# babies first drink...



## ArkansasKelly (Jan 30, 2008)

I just took my babies from the incubator to their new home and they seem to be enjoying it. This is their first ever drink of water.
[IMG=640x480]http://img.photobucket.com/albums/v679/Kelly23/hatchlings013.jpg[/IMG]

Both looking at the water.
[IMG=640x480]http://img.photobucket.com/albums/v679/Kelly23/hatchlings014.jpg[/IMG]

And taking their first bite of food.
[IMG=640x480]http://img.photobucket.com/albums/v679/Kelly23/hatchlings020.jpg[/IMG]

I am so proud! 

ARKelly


----------



## JustAnja (Jan 30, 2008)

So so so cute!


----------



## Josh (Jan 30, 2008)

adorable! those are some good lookin hatchlings!


----------



## Crazy1 (Jan 30, 2008)

ARKellly those are Beautiful babies, how old are they?


----------



## ArkansasKelly (Jan 30, 2008)

That you so much guys. I am very proud of them.

Crazy1, they are 7 and 8 days old today. And they are very spunky!

ARKelly


----------



## egyptiandan (Jan 30, 2008)

They look great Kelly  Excellent pictures of the both of them. 

Danny


----------



## jlyoncc1 (Jan 30, 2008)

They are soooo beautiful! Congrats!


----------



## Chipdog (Jan 30, 2008)

they are soooo freaken cute when they are that young


----------



## ArkansasKelly (Jan 30, 2008)

Hey, thanks guys.

This one here cracks me up. Apparently, she is trying to drink water from the paper towel.






This little guy, I swear, was rubbing it's face on the piece of green before nibbling on it.





LMAO!

ARKelly


----------



## Coldliz (Jan 30, 2008)

Beautiful babies!


----------



## cvalda (Jan 30, 2008)

OMG They are sooooo adorable! Lucky you!!!!!!!! Keep posting pics! We love them!


----------



## TestudoGeek (Jan 31, 2008)

wonderfull...


----------



## Itort (Jan 31, 2008)

They look great. What are momma and daddy? Northern or southern?


----------



## ArkansasKelly (Jan 31, 2008)

Itort said:


> They look great. What are momma and daddy? Northern or southern?



Thank you! Mom and Dad are both Brazillians which would make them Southern, I believe.

This is Mom. She is eating an optunia cactus treat.

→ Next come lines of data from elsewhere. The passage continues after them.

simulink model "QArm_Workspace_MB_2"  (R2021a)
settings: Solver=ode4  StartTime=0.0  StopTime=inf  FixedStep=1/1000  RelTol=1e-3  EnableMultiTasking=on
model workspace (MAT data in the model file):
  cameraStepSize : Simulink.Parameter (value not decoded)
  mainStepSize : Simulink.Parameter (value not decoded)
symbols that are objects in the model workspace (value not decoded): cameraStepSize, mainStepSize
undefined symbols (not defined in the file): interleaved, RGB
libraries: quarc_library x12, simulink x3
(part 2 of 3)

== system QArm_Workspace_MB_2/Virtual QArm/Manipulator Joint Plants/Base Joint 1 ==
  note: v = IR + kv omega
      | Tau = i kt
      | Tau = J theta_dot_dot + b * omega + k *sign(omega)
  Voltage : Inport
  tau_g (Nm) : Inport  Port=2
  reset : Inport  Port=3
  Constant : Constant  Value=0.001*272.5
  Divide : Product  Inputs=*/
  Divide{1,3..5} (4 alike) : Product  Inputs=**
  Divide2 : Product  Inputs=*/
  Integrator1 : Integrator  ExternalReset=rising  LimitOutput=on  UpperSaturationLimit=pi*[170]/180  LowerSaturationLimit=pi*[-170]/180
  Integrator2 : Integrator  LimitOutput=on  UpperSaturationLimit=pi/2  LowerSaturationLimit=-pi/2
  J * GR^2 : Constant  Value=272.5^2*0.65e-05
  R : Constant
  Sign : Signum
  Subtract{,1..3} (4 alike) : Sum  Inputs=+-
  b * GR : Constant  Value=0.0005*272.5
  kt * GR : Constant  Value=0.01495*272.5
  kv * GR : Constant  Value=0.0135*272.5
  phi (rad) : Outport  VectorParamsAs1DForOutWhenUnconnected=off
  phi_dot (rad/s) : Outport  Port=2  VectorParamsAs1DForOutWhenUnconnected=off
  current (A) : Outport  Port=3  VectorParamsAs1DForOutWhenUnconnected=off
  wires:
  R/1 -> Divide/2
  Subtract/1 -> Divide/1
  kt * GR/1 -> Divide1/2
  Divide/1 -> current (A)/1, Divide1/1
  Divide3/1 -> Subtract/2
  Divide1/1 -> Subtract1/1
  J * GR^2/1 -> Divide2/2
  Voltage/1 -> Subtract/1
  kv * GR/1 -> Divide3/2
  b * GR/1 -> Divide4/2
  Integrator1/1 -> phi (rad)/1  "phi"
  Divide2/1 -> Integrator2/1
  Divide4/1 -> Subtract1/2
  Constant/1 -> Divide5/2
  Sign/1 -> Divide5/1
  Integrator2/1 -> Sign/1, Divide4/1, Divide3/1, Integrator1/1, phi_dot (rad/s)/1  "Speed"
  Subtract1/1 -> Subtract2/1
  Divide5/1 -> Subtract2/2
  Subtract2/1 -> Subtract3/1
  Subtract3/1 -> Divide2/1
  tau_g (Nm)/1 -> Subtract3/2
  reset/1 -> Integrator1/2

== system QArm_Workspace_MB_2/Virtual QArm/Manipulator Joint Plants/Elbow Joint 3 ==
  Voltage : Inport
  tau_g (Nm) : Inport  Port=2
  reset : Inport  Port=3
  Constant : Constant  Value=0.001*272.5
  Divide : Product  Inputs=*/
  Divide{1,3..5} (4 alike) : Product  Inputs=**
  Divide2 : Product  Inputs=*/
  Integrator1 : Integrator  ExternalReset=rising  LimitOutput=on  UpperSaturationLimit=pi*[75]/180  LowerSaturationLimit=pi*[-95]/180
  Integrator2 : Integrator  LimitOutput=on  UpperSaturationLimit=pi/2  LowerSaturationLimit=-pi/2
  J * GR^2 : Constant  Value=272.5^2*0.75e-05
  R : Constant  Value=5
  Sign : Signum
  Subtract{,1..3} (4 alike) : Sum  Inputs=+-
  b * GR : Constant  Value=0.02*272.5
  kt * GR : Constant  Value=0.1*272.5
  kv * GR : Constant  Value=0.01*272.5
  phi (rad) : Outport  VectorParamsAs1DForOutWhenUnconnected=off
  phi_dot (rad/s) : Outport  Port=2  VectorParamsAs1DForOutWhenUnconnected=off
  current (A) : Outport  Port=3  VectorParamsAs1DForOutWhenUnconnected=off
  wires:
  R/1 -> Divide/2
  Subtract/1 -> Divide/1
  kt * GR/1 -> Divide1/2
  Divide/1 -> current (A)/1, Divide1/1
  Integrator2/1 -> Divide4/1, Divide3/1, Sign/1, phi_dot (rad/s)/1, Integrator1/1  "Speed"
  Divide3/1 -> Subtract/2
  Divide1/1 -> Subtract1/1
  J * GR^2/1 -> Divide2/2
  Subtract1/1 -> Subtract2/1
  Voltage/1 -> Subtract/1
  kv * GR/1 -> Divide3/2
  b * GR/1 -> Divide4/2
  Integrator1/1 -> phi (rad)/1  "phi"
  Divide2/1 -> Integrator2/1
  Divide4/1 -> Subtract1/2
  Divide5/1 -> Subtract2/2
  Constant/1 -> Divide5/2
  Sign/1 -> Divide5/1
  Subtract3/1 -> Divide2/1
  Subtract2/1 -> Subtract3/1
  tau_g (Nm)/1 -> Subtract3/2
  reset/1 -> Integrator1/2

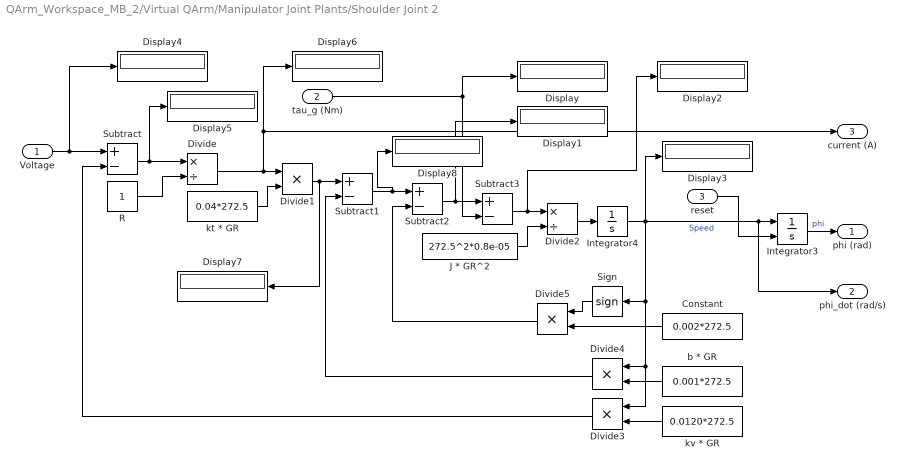
== system QArm_Workspace_MB_2/Virtual QArm/Manipulator Joint Plants/Shoulder Joint 2 ==
  Voltage : Inport
  tau_g (Nm) : Inport  Port=2
  reset : Inport  Port=3
  Constant : Constant  Value=0.002*272.5
  Display{,1..8} (9 alike) : Display
  Divide : Product  Inputs=*/
  Divide{1,3..5} (4 alike) : Product  Inputs=**
  Divide2 : Product  Inputs=*/
  Integrator3 : Integrator  ExternalReset=rising  LimitOutput=on  UpperSaturationLimit=pi*[85]/180  LowerSaturationLimit=pi*[-85]/180
  Integrator4 : Integrator  LimitOutput=on  UpperSaturationLimit=pi/2  LowerSaturationLimit=-pi/2
  J * GR^2 : Constant  Value=272.5^2*0.8e-05
  R : Constant
  Sign : Signum
  Subtract{,1..3} (4 alike) : Sum  Inputs=+-
  b * GR : Constant  Value=0.001*272.5
  kt * GR : Constant  Value=0.04*272.5
  kv * GR : Constant  Value=0.0120*272.5
  phi (rad) : Outport  VectorParamsAs1DForOutWhenUnconnected=off
  phi_dot (rad/s) : Outport  Port=2  VectorParamsAs1DForOutWhenUnconnected=off
  current (A) : Outport  Port=3  VectorParamsAs1DForOutWhenUnconnected=off
  wires:
  Divide4/1 -> Subtract1/2
  Divide2/1 -> Integrator4/1
  Integrator3/1 -> phi (rad)/1  "phi"
  b * GR/1 -> Divide4/2
  kv * GR/1 -> Divide3/2
  Voltage/1 -> Display4/1, Subtract/1
  Subtract1/1 -> Display8/1, Subtract2/1
  J * GR^2/1 -> Divide2/2
  Divide1/1 -> Subtract1/1, Display7/1
  Divide3/1 -> Subtract/2
  Divide/1 -> Divide1/1, Display6/1, current (A)/1
  kt * GR/1 -> Divide1/2
  Subtract/1 -> Display5/1, Divide/1
  R/1 -> Divide/2
  Constant/1 -> Divide5/2
  Sign/1 -> Divide5/1
  Integrator4/1 -> Display3/1, Integrator3/1, phi_dot (rad/s)/1, Sign/1, Divide3/1, Divide4/1  "Speed"
  Divide5/1 -> Subtract2/2
  Subtract3/1 -> Display2/1, Divide2/1
  Subtract2/1 -> Display1/1, Subtract3/1
  tau_g (Nm)/1 -> Subtract3/2, Display/1
  reset/1 -> Integrator3/2

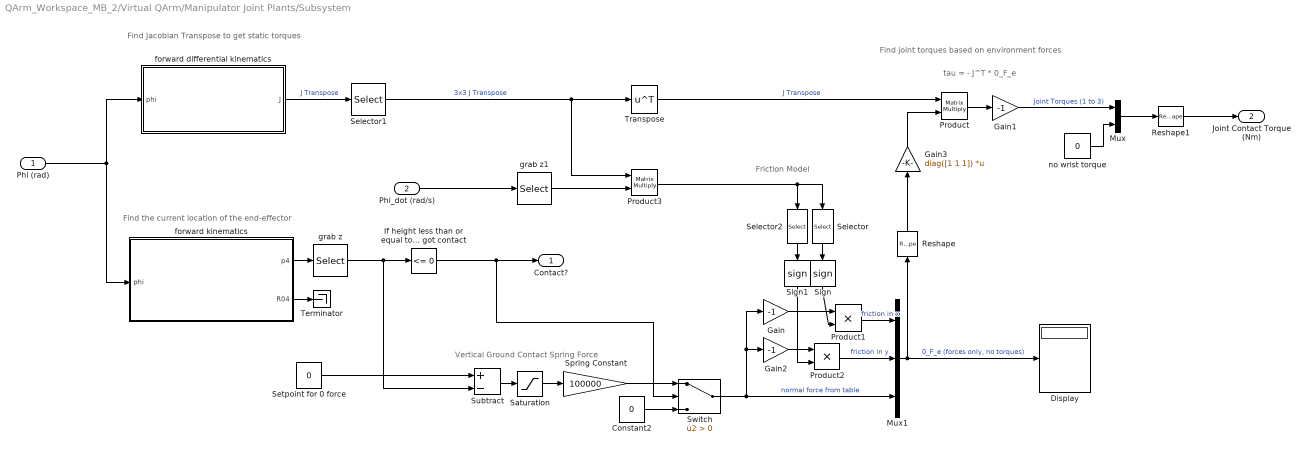
== system QArm_Workspace_MB_2/Virtual QArm/Manipulator Joint Plants/Subsystem ==
  note: Friction Model
  note: Vertical Ground Contact Spring Force
  note: Find joint torques based on environment forces
  note: Find Jacobian Transpose to get static torques
  note: Find the current location of the end-effector
  note: tau = - J^T * 0_F_e
  Phi (rad) : Inport  PortDimensions=4
  Phi_dot (rad/s) : Inport  Port=2  PortDimensions=4
  Constant2 : Constant  Value=0
  Display : Display
  Gain : Gain  Gain=-1
  Gain1 : Gain  Gain=-1
  Gain2 : Gain  Gain=-1
  Gain3 : Gain  Gain=diag([1 1 1])  Multiplication=Matrix(K*u)
  "If height less than or equal to 0, then we've got contact" : simulink/Logic and Bit Operations/Compare To Constant  relop=<=  const=0  OutDataTypeStr=boolean
  Mux : Mux  Inputs=2
  Mux1 : Mux  Inputs=3
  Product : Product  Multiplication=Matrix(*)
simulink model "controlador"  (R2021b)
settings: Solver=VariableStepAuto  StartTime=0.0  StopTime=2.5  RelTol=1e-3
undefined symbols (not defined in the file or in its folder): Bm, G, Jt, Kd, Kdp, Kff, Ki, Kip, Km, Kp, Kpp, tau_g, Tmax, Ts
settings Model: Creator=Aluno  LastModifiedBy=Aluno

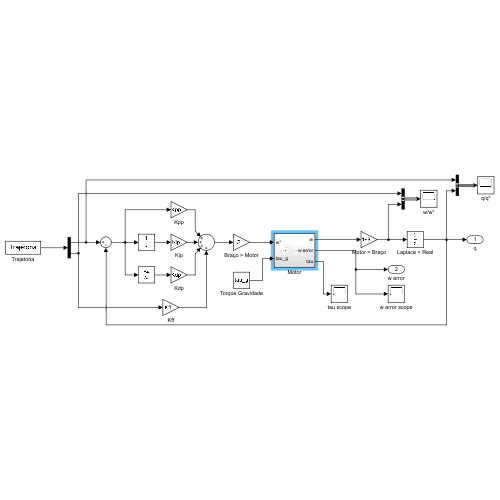
[thumbnail: Simulink's stored preview of the top-level diagram]
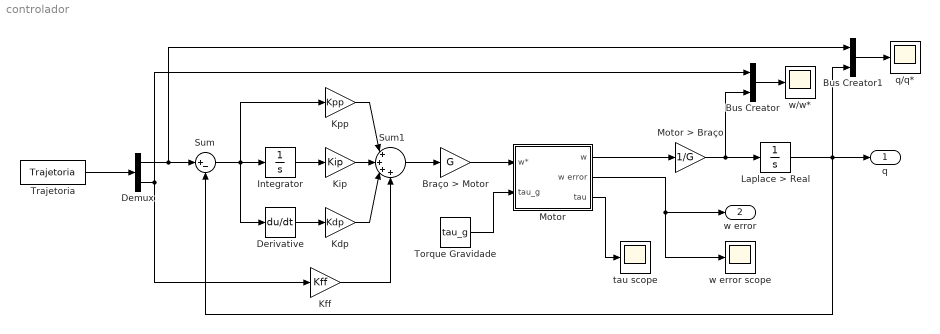
== system controlador ==
  Braço > Motor : Gain  Gain=G
  Bus Creator : BusCreator  Inputs=2
  Bus Creator1 : BusCreator  Inputs=2
  Demux : Demux  Outputs=2
  Derivative : Derivative
  Integrator : Integrator
  Kdp : Gain  Gain=Kdp
  Kff : Gain  Gain=Kff
  Kip : Gain  Gain=Kip
  Kpp : Gain  Gain=Kpp
  Laplace > Real : Integrator
  Motor : Subsystem
  Motor > Braço : Gain  Gain=1/G
  Sum : Sum  Inputs=|+-
  Sum1 : Sum  Inputs=|++++
  Torque Gravidade : Constant  Value=tau_g
  Trajetoria : FromWorkspace  VariableName=Trajetoria
  q/q* : Scope
  tau scope : Scope
  w error scope : Scope
  w/w* : Scope
  q : Outport
  w error : Outport  Port=2
  wires:
  Motor/1(w) -> Motor > Braço/1
  Motor/2(w error) -> w error scope/1, w error/1
  Bus Creator/1 -> w/w*/1
  Motor/3(tau) -> tau scope/1
  Torque Gravidade/1 -> Motor/2(tau_g)
  Motor > Braço/1 -> Bus Creator/2, Laplace > Real/1
  Laplace > Real/1 -> Bus Creator1/2, Sum/2, q/1
  Braço > Motor/1 -> Motor/1(w*)
  Sum/1 -> Derivative/1, Integrator/1, Kpp/1
  Kpp/1 -> Sum1/1
  Sum1/1 -> Braço > Motor/1
  Integrator/1 -> Kip/1
  Trajetoria/1 -> Demux/1
  Demux/1 -> Bus Creator1/1, Sum/1
  Bus Creator1/1 -> q/q*/1
  Demux/2 -> Kff/1, Bus Creator/1
  Kip/1 -> Sum1/2
  Kff/1 -> Sum1/4
  Kdp/1 -> Sum1/3
  Derivative/1 -> Kdp/1

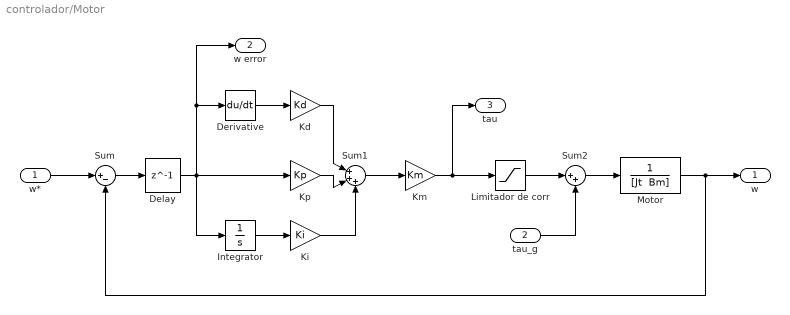
== system controlador/Motor ==
  w* : Inport
  tau_g : Inport  Port=2
  Delay : Delay  DelayLength=1  InitialCondition=0  SampleTime=Ts
  Derivative : Derivative
  Integrator : Integrator
  Kd : Gain  Gain=Kd
  Ki : Gain  Gain=Ki
  Km : Gain  Gain=Km
  Kp : Gain  Gain=Kp
  Limitador de corr : Saturate  UpperLimit=Tmax  LowerLimit=-Tmax
  Motor : TransferFcn  Denominator="[Jt  Bm]"
  Sum : Sum  Inputs=|+-
  Sum1 : Sum  Inputs=|+++
  Sum2 : Sum  Inputs=|++
  w : Outport
  w error : Outport  Port=2
  tau : Outport  Port=3
  wires:
  w*/1 -> Sum/1
  Motor/1 -> w/1, Sum/2
  Integrator/1 -> Ki/1
  Delay/1 -> Integrator/1, Derivative/1, w error/1, Kp/1
  Sum/1 -> Delay/1
  Sum1/1 -> Km/1
  Km/1 -> tau/1, Limitador de corr/1
  Limitador de corr/1 -> Sum2/1
  Sum2/1 -> Motor/1
  tau_g/1 -> Sum2/2
  Ki/1 -> Sum1/3
  Kp/1 -> Sum1/2
  Derivative/1 -> Kd/1
  Kd/1 -> Sum1/1

And this is Dad. He is camera shy.





Those are the best pictures I have of them right now. I will try to get better ones later.

ARKelly


----------



## Redfoot NERD (Jan 31, 2008)

YIKES!!! I've created a monster! Kelly has come out of her shell!!!





Can you say P A T I E N C E ???


----------



## tortania (Jan 31, 2008)

Those are some fantastic looking torts! The babies are so adorable!


----------



## ArkansasKelly (Jan 31, 2008)

Redfoot NERD said:


> YIKES!!! I've created a monster! Kelly has come out of her shell!!!
> 
> 
> 
> ...



Patience for what? LMAO 

Hey, how do you go about transfering the smiley's to photobucket?

ARKelly


----------



## Jacqui (Jan 31, 2008)

Those are very stunning. Congrats!

*sitting here reminding myself no more Redfoots...no more redfoots*


----------